Las teorías conspiracionistas en torno al “suicidio” fueron muy numerosas –como lo serían poco después, con un impacto directo sobre la política estadounidense, las muchas que surgieron tras el oscuro atentado contra JFK–, y la que aportaban los periodistas citados no hacía sino echar más leña al fuego.

Recogían así el testigo de anteriores “investigaciones”: la actriz no se habría suicidado, como reza la historia oficial, sino que habría sido nada menos que asesinada por orden de Robert, quien, sabedor de que Marilyn conocía los entresijos de la familia Kennedy –cuyos miembros, más allá de la euforia que despertaban a su paso, se enfrascaron en turbios asuntos, empezando por el cabeza de familia, Joseph P. Kennedy y sus posibles conexiones con la Mafia–, prefirió cubrirse las espaldas. Aunque casi con seguridad Marilyn tuvo un romance con John, parece que también mantuvo una relación sentimental –más larga e intensa– con el pequeño Bobby, poco antes de su muerte. Según se hizo eco el Daily Mail a raíz de la publicación del citado libro, Robert Kennedy tomó tan drástica decisión después de que la actriz lo amenazara con convocar una rueda de prensa donde revelaría los “asuntos sucios” de la familia –otra versión apunta a la existencia de un diario de la actriz donde había apuntado todo lo que le sucedía, y que amenazó con hacer público–, cuando éstos atesoraban los más altos cargos gubernamentales. Algo que, siguiendo la hipótesis conspirativa, habría acabado con sus carreras –aunque finalmente lo harían las balas, y no las conferencias multitudinarias–. Para llevar a cabo su plan, Robert Kennedy habría contado –siempre según dichos periodistas– con la complicidad del psiquiatra de la actriz, el doctor Ralph Greenson y la ayuda de su cuñado Peter Lawford, quien fue uno de los primeros en confirmar que la diva había mantenido relaciones con ambos hermanos y brindó contundentes titulares en referencia a la actriz: “Se la pasaban como si fuese una pelota”.

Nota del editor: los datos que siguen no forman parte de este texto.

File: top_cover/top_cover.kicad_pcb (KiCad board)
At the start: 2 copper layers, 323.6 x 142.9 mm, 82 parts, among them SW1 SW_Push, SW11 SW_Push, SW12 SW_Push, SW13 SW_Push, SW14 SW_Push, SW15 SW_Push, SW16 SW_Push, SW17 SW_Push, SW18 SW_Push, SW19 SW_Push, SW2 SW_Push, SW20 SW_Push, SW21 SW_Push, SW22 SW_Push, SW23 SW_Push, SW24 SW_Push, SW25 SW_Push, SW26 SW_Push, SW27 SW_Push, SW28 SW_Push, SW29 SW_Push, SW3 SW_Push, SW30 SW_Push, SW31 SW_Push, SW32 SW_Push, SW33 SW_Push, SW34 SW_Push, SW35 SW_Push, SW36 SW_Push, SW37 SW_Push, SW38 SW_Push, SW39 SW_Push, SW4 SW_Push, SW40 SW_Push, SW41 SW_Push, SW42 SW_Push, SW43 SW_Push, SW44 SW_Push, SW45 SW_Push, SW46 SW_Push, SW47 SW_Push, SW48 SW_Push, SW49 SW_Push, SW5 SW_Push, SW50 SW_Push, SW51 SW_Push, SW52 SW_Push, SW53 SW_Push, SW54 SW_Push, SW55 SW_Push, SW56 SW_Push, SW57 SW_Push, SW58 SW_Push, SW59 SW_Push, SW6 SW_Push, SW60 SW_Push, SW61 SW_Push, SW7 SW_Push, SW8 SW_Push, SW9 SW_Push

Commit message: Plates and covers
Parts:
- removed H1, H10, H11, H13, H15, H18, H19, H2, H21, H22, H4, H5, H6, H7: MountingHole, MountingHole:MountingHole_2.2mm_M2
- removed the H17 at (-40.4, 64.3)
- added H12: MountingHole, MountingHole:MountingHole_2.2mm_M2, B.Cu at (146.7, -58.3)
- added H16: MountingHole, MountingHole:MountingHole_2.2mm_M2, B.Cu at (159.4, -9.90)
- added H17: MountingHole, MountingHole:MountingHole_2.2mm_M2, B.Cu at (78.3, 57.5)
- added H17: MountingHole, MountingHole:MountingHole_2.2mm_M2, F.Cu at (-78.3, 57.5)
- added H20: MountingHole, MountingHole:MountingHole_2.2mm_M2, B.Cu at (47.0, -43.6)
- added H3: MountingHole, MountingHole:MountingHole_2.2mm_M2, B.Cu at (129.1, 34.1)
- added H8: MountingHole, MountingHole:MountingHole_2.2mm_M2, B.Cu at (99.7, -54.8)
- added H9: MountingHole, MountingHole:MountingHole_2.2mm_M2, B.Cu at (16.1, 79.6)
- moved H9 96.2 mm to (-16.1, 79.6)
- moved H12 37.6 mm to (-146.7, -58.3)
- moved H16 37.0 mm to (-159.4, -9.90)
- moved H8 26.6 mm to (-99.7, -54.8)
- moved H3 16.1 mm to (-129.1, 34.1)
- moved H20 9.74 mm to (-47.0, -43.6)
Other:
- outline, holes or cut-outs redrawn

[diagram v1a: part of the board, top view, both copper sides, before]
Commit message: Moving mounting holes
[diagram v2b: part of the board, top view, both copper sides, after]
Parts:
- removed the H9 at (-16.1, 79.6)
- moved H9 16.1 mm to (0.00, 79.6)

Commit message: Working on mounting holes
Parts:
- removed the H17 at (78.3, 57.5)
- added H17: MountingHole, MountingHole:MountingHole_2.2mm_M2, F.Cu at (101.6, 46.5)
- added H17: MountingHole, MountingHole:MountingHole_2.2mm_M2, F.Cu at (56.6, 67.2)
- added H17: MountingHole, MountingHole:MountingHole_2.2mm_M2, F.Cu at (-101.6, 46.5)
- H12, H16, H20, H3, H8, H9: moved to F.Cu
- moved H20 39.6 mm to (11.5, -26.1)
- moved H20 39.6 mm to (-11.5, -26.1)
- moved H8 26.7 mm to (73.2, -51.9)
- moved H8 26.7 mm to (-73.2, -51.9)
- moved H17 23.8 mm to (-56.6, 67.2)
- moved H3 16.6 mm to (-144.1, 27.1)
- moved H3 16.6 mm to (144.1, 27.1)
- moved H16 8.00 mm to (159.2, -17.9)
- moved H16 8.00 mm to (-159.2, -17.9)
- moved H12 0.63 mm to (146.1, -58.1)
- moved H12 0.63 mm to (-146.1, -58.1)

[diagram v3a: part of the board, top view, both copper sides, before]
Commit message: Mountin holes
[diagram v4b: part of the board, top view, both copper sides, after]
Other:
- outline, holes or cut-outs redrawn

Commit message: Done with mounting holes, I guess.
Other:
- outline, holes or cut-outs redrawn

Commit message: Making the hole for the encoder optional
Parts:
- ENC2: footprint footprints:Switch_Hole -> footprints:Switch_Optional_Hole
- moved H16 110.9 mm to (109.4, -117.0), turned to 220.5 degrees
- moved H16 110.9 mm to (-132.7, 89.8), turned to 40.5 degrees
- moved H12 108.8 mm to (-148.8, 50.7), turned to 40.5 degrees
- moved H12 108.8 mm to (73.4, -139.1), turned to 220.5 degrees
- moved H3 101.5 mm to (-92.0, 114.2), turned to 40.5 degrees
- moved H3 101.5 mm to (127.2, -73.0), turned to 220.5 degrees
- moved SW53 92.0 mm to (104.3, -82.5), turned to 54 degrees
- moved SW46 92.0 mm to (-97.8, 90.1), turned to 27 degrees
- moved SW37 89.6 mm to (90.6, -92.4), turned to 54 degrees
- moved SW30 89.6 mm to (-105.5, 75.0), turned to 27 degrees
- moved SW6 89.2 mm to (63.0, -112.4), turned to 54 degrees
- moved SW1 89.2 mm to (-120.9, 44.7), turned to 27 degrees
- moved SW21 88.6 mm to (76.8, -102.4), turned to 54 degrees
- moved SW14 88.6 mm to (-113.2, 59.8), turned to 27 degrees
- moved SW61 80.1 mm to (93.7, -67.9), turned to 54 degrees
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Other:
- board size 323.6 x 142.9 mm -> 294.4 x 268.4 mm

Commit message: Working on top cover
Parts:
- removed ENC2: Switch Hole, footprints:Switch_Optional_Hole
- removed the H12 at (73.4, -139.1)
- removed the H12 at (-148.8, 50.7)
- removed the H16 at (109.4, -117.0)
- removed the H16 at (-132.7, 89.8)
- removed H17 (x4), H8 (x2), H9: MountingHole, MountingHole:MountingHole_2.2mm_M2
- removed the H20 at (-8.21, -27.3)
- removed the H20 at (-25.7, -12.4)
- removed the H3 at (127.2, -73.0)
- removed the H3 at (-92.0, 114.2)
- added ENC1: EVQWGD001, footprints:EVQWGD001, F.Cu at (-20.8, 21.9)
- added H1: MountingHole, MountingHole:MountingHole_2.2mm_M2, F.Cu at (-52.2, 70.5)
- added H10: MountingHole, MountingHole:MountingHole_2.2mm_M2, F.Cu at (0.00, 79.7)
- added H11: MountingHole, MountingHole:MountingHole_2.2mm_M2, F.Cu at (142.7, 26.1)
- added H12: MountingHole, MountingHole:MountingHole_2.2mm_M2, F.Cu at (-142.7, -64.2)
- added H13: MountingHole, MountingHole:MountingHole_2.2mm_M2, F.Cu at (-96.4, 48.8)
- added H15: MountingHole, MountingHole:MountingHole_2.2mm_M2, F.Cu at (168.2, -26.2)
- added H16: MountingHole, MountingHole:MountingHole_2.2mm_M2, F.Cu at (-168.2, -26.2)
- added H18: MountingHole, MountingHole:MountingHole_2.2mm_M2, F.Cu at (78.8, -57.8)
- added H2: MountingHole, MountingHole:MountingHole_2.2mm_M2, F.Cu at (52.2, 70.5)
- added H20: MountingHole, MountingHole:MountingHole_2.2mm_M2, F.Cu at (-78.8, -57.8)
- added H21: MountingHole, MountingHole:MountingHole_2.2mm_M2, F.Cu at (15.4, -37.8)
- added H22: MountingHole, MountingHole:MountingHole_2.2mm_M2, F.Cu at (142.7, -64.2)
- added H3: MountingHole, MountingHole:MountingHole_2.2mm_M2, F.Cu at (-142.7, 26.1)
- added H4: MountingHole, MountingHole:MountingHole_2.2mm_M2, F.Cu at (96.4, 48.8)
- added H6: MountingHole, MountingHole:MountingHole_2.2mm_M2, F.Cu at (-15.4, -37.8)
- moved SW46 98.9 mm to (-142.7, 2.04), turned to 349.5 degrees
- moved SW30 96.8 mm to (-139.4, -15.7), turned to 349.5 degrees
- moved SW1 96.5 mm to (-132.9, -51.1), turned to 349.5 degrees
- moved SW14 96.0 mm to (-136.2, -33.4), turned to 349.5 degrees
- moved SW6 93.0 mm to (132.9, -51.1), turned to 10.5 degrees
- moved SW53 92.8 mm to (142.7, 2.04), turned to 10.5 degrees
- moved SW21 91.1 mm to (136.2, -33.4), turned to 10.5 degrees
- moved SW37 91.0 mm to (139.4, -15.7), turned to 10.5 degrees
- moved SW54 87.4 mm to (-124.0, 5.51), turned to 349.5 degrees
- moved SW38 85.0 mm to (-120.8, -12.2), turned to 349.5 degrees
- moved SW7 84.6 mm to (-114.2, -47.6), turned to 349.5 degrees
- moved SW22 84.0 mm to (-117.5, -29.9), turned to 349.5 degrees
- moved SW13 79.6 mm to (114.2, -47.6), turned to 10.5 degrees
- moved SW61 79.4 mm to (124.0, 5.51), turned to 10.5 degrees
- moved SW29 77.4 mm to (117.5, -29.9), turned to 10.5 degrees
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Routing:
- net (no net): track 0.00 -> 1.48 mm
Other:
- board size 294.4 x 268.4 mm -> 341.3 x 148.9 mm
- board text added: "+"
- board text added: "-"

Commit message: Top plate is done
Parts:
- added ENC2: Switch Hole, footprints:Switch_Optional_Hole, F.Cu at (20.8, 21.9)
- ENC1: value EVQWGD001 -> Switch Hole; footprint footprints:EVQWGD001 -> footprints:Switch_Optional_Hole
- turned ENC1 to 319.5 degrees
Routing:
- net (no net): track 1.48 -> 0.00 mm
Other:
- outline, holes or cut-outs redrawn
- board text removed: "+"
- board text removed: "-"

Sería también Lawford quien, en relación al complot, aseguraría que “Bobby estaba determinado a callarla, sin importar las consecuencias”. Oficialmente Marilyn moría el 5 de agosto de 1962 por una sobredosis de barbitúricos, aunque las circunstancias del supuesto suicidio nunca fueron del todo esclarecidas –ver Autopsia de los Hechos–. El 22 de noviembre de 1963, en medio de una trama de ecos conspirativos que todavía hoy trae de cabeza a muchos, era abatido en Texas John Fitzgerald Kennedy, un magnicidio supuestamente perpetrado por Lee Harvey Oswald. Apenas unos años después, el 6 de junio de 1968, cuando Robert Kennedy se hallaba inmerso en su carrera por la Casa Blanca, era disparado hasta la muerte por Sirhan Sirhan, en un acto también lleno de claroscuros. Pero entonces, ¿qué pasó con Marilyn? ¿Se suicidó, la mandó matar Bobby Kennedy o lo hizo algún sicario a sueldo de la CIA o el FBI, siguiendo órdenes de Hoover? Probablemente nunca sepamos la verdad –aunque lo más seguro es que la actriz se suicidara– y las leyendas, para todos los gustos, sigan engordando la crónica negra estadounidense.